Despite the recent report Giving Victims a Voice that found Jimmy Saville a ‘predatory, serial sex offender’, British society likely will never fully navigate its way to the depth of the BBC’s personality’s harmful activities. It will scrape the surface, burrow down a bit, bring this or that to light, paper over gaps rather than fill them in only to conclude, if it wants to face up to it, that much less will be ultimately uncovered than actually happened.
Approximately 600 people came forward with information for the investigation of which 450 relate to Savile and most were reports of sexual abuse. There have been 214 formal crime recorded: 126 recorded indecent acts and 34 cases of rape or penetration offences; 73% of Savile's victims were under the age of 18 although victims ranged in age from eight -47. These are the facts as far as we know.
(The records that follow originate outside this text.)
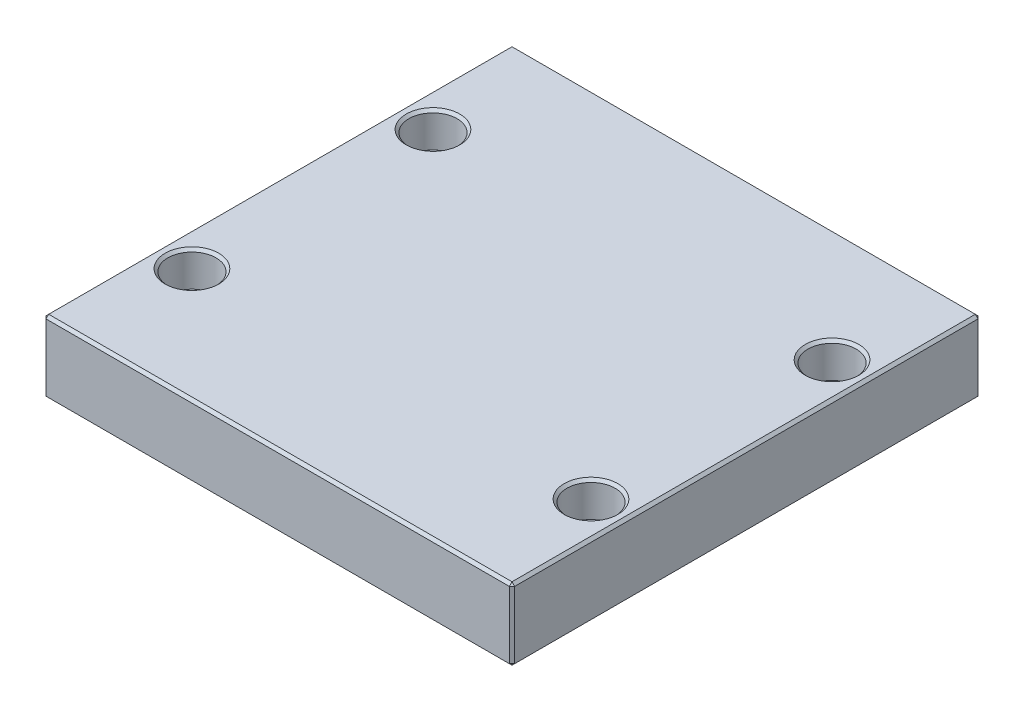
ISO-10303-21;
HEADER;
FILE_DESCRIPTION(('STEP AP214'),'2;1');
FILE_NAME('part.step','',(''),(''),'','','');
FILE_SCHEMA(('AUTOMOTIVE_DESIGN { 1 0 10303 214 1 1 1 1 }'));
ENDSEC;
DATA;
#1=APPLICATION_CONTEXT('core data for automotive mechanical design processes');
#2=APPLICATION_PROTOCOL_DEFINITION('international standard','automotive_design',2000,#1);
#3=PRODUCT_CONTEXT('',#1,'mechanical');
#4=PRODUCT('Part','Part','',(#3));
#5=PRODUCT_RELATED_PRODUCT_CATEGORY('part','',(#4));
#6=PRODUCT_DEFINITION_FORMATION('','',#4);
#7=PRODUCT_DEFINITION_CONTEXT('part definition',#1,'design');
#8=PRODUCT_DEFINITION('design','',#6,#7);
#9=PRODUCT_DEFINITION_SHAPE('','',#8);
#10=(LENGTH_UNIT() NAMED_UNIT(*) SI_UNIT(.MILLI.,.METRE.));
#11=(NAMED_UNIT(*) PLANE_ANGLE_UNIT() SI_UNIT($,.RADIAN.));
#12=(NAMED_UNIT(*) SI_UNIT($,.STERADIAN.) SOLID_ANGLE_UNIT());
#13=UNCERTAINTY_MEASURE_WITH_UNIT(LENGTH_MEASURE(1.E-05),#10,'distance_accuracy_value','');
#14=(GEOMETRIC_REPRESENTATION_CONTEXT(3) GLOBAL_UNCERTAINTY_ASSIGNED_CONTEXT((#13)) GLOBAL_UNIT_ASSIGNED_CONTEXT((#10,
#11,#12)) REPRESENTATION_CONTEXT('',''));
#15=CARTESIAN_POINT('',(0.,0.,0.));
#16=DIRECTION('',(0.,0.,1.));
#17=DIRECTION('',(1.,0.,0.));
#18=AXIS2_PLACEMENT_3D('',#15,#16,#17);
#19=CARTESIAN_POINT('',(-87.5,27.,87.5));
#20=DIRECTION('',(1.,0.,0.));
#21=DIRECTION('',(0.,0.,-1.));
#22=AXIS2_PLACEMENT_3D('',#19,#20,#21);
#23=PLANE('',#22);
#24=DIRECTION('',(0.,-1.,0.));
#25=VECTOR('',#24,1.);
#26=CARTESIAN_POINT('',(-87.5,27.,-86.5));
#27=LINE('',#26,#25);
#28=CARTESIAN_POINT('',(-87.5,26.,-86.5));
#29=VERTEX_POINT('',#28);
#30=CARTESIAN_POINT('',(-87.5,1.,-86.5));
#31=VERTEX_POINT('',#30);
#32=EDGE_CURVE('E115',#29,#31,#27,.T.);
#33=ORIENTED_EDGE('',*,*,#32,.T.);
#34=DIRECTION('',(0.,0.,1.));
#35=VECTOR('',#34,1.);
#36=CARTESIAN_POINT('',(-87.5,1.,87.5));
#37=LINE('',#36,#35);
#38=CARTESIAN_POINT('',(-87.5,1.,86.5));
#39=VERTEX_POINT('',#38);
#40=EDGE_CURVE('E111',#31,#39,#37,.T.);
#41=ORIENTED_EDGE('',*,*,#40,.T.);
#42=DIRECTION('',(0.,1.,0.));
#43=VECTOR('',#42,1.);
#44=CARTESIAN_POINT('',(-87.5,27.,86.5));
#45=LINE('',#44,#43);
#46=CARTESIAN_POINT('',(-87.5,26.,86.5));
#47=VERTEX_POINT('',#46);
#48=EDGE_CURVE('E104',#39,#47,#45,.T.);
#49=ORIENTED_EDGE('',*,*,#48,.T.);
#50=DIRECTION('',(0.,0.,-1.));
#51=VECTOR('',#50,1.);
#52=CARTESIAN_POINT('',(-87.5,26.,-87.5));
#53=LINE('',#52,#51);
#54=EDGE_CURVE('E108',#47,#29,#53,.T.);
#55=ORIENTED_EDGE('',*,*,#54,.T.);
#56=EDGE_LOOP('',(#33,#41,#49,#55));
#57=FACE_BOUND('',#56,.T.);
#58=ADVANCED_FACE('F16',(#57),#23,.F.);
#59=CARTESIAN_POINT('',(87.5,27.,87.5));
#60=DIRECTION('',(0.,0.,-1.));
#61=DIRECTION('',(-1.,0.,0.));
#62=AXIS2_PLACEMENT_3D('',#59,#60,#61);
#63=PLANE('',#62);
#64=DIRECTION('',(-1.,0.,0.));
#65=VECTOR('',#64,1.);
#66=CARTESIAN_POINT('',(-87.5,26.,87.5));
#67=LINE('',#66,#65);
#68=CARTESIAN_POINT('',(86.5,26.,87.5));
#69=VERTEX_POINT('',#68);
#70=CARTESIAN_POINT('',(-86.5,26.,87.5));
#71=VERTEX_POINT('',#70);
#72=EDGE_CURVE('E170',#69,#71,#67,.T.);
#73=ORIENTED_EDGE('',*,*,#72,.T.);
#74=DIRECTION('',(0.,-1.,0.));
#75=VECTOR('',#74,1.);
#76=CARTESIAN_POINT('',(-86.5,27.,87.5));
#77=LINE('',#76,#75);
#78=CARTESIAN_POINT('',(-86.5,1.,87.5));
#79=VERTEX_POINT('',#78);
#80=EDGE_CURVE('E123',#71,#79,#77,.T.);
#81=ORIENTED_EDGE('',*,*,#80,.T.);
#82=DIRECTION('',(1.,0.,0.));
#83=VECTOR('',#82,1.);
#84=CARTESIAN_POINT('',(87.5,1.,87.5));
#85=LINE('',#84,#83);
#86=CARTESIAN_POINT('',(86.5,1.,87.5));
#87=VERTEX_POINT('',#86);
#88=EDGE_CURVE('E174',#79,#87,#85,.T.);
#89=ORIENTED_EDGE('',*,*,#88,.T.);
#90=DIRECTION('',(0.,1.,0.));
#91=VECTOR('',#90,1.);
#92=CARTESIAN_POINT('',(86.5,27.,87.5));
#93=LINE('',#92,#91);
#94=EDGE_CURVE('E172',#87,#69,#93,.T.);
#95=ORIENTED_EDGE('',*,*,#94,.T.);
#96=EDGE_LOOP('',(#73,#81,#89,#95));
#97=FACE_BOUND('',#96,.T.);
#98=ADVANCED_FACE('F317',(#97),#63,.F.);
#99=CARTESIAN_POINT('',(87.5,27.,87.5));
#100=DIRECTION('',(-1.,0.,0.));
#101=DIRECTION('',(0.,0.,1.));
#102=AXIS2_PLACEMENT_3D('',#99,#100,#101);
#103=PLANE('',#102);
#104=DIRECTION('',(0.,0.,-1.));
#105=VECTOR('',#104,1.);
#106=CARTESIAN_POINT('',(87.5,1.,87.5));
#107=LINE('',#106,#105);
#108=CARTESIAN_POINT('',(87.5,1.,86.5));
#109=VERTEX_POINT('',#108);
#110=CARTESIAN_POINT('',(87.5,1.,-86.5));
#111=VERTEX_POINT('',#110);
#112=EDGE_CURVE('E165',#109,#111,#107,.T.);
#113=ORIENTED_EDGE('',*,*,#112,.T.);
#114=DIRECTION('',(0.,1.,0.));
#115=VECTOR('',#114,1.);
#116=CARTESIAN_POINT('',(87.5,27.,-86.5));
#117=LINE('',#116,#115);
#118=CARTESIAN_POINT('',(87.5,26.,-86.5));
#119=VERTEX_POINT('',#118);
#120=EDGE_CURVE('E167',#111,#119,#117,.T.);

As Louise Pennington observes ‘we will never know exactly how many people were sexually assaulted by Savile. It is safe to say this is only the part of the picture.’
The opportunity to grasp the picture in much greater detail was missed while Savile was still alive. Now that he is dead, the sense of atonement referred to by Stephen Glover for having indulged ‘the ghastly man when he was alive’ seems to give off more heat than light.
Nowhere does this appear more pronounced than in the ranks of the British police.
One journalist questioned him about them in an interview as long ago as 1990, as did another journalist, Louis Theroux, in a TV programme broadcast in 2000. A woman made an allegation of assault in the Eighties (the report admits the police file has been unaccountably mislaid) and there were three separate police investigations from 2007 to 2009 ... If only the police had displayed a fraction of the zeal when Savile was alive that they show now he is dead ... a really thorough investigation of the DJ before he died would surely have resulted in a criminal prosecution.
But it didn’t happen and matters are where they are today as a result. Contrast the behaviour of the British police in relation to Savile with the zeal it cooked up in pursuit of those who committed no offence in Guildford and Woolwich, Birmingham or the M62. It is a moot point just how accurate the comment is by Metropolitan Police commander Peter Spindler that Savile had "groomed the nation". He most certainly groomed the police into doing next to nothing, even boasting that 'he had friends in the police who helped settle allegations against him.'
It is not that Savile’s activities somehow slipped though police fingers. Natasha Walter in her breakdown of statistics compiled by the Home Office, the Ministry of Justice and the Office for National Statistics argued that:
They suggest that one in five women in the UK experiences a sexual offence in her adult life and that there are 473,000 victims of sexual offences every year, including 60,000 to 95,000 rapes. Yet all of these rapes lead to just 1,070 convictions ... This is around 70,000 people being raped and nearly 500,000 experiencing sexual offences every year, right here, right now. Yet according to this report, only 15% of sexual offences were even reported to the police, let alone pursued through the criminal justice process.
Rape culture, the existence of which is strongly posited by Walter, is not something that burgeons in far off countries like India. And the British police would seemingly acquiesce in it.
Savile hid out in the open in a society whose police force gazed on him with eyes wide shut.